Oh, that was okay, then. Yeah, Toph could picture it now – after Roku had done absolutely nothing about the colonies except throw a tantrum, Sozin would probably have been wetting himself at the thought of what Roku would do if the Fire Nation kept expanding. Gee, the Fire Avatar might even have wagged a finger at him.

“Sozin must have lied to Roku about what he was planning,” Sugar Queen said. “Otherwise, Roku would have done something about it.”

Toph wasn’t quite sure how much plainer Sozin could have made it. By the way, I’ve been pretty interested on invading the Earth Kingdom and establishing colonies there seemed pretty clear to her, and Roku hadn’t done anything about it. When earth looked like it was about to give way, you prepared for rockslides; you didn’t start building on the sand.

But Toph was acutely aware that Fire Princes who made a habit of not-quite-lying were a bit of a touchy subject with these guys, and just for once, she wasn’t interested in having an argument. Much like Avatar Roku, then.

“Well, Roku told me he didn’t see Sozin for twenty-five years, so I’m not sure what he could have done,” the Fancy Dancer said. “But then I guess when the volcano on this island erupted, Sozin must have realized that all his plans for the future were possible if Roku wasn’t around to stop him.”

“Not that he’d done a great job of stopping him in the first place,” Sucker grumbled. “From the sounds of things, he didn’t do anything.”

“Actually, they did tons of stuff together,” Twinkles corrected him. “They practiced their firebending together, and Sozin tried to cheer him up when he was sad that he had to leave home to learn the other elements, and he was the best man at Roku’s wedding to this girl who’d acted like Roku didn’t even exist when he’d really liked her all along, and –”

“And none of that turned out to be a deterrent to Sozin when he wanted to turn the Fire Nation into an empire,” Sucker pointed out.

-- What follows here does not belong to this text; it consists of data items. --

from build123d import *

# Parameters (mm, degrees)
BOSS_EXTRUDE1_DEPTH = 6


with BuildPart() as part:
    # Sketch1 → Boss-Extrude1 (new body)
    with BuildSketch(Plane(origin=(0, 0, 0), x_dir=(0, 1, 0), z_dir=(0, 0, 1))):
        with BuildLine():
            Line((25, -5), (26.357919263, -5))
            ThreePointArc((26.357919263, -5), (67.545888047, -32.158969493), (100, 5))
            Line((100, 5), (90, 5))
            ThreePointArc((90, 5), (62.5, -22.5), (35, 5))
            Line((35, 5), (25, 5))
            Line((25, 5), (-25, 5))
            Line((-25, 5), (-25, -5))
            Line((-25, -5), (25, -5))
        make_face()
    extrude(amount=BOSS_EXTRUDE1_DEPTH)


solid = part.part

“You mean, after all Roku and Sozin went through together – even after Roku showed him mercy – Sozin betrayed him like that?” Sugar Queen asked, which Toph felt was a fairly accurate condensed summary of what Twinkle Toes had shared of his little spirit vision.

“That’s so crazy,” Snoozles agreed. “I can’t believe Sozin would do something like that.”

“I can,” Splish-Splash murmured. “First Zuko betrayed us, now we find out Sozin did the same… it's like these people are born bad.”

Okay, hold up.

Sugar Queen might still have been pissed off at Sparky, but from what Toph had been there for – and from what she’d heard about what had been going on before she joined them – Prince Hotpants had been on their side. Whatever had happened in the Crystal Catacombs, Toph wasn’t going to make a judgement call on it without hearing Sparky’s heartbeat for herself.

And besides, even if Zuko had been a sneaky, traitorous, conniving, lying ferret-snake, he wasn’t the only firebender they knew. Gramps had been awesome, and Toph wasn’t going to let Splish-Splash lump Gramps in with all the jerks she’d met and throw mud on his name just because she was pissy with some old Fire Lord who’d died before she was even born!

But just as Toph was about to bend up some dirt and volcanic ash from the ground and stuff it in Katara’s stupid face, Twinkles’ voice came through the annoyed haze in her mind.

“No, that's wrong. I don't think that was the point of what Roku showed me at all.”

“Then what was the point?” Snoozles asked.

“Roku was just as much Fire Nation as Sozin was, right?” Twinkles began. “If anything, their story proves anyone's capable of great good and great evil. Everyone, even the Fire Lord and the Fire Nation, have to be treated like they're worth giving a chance.”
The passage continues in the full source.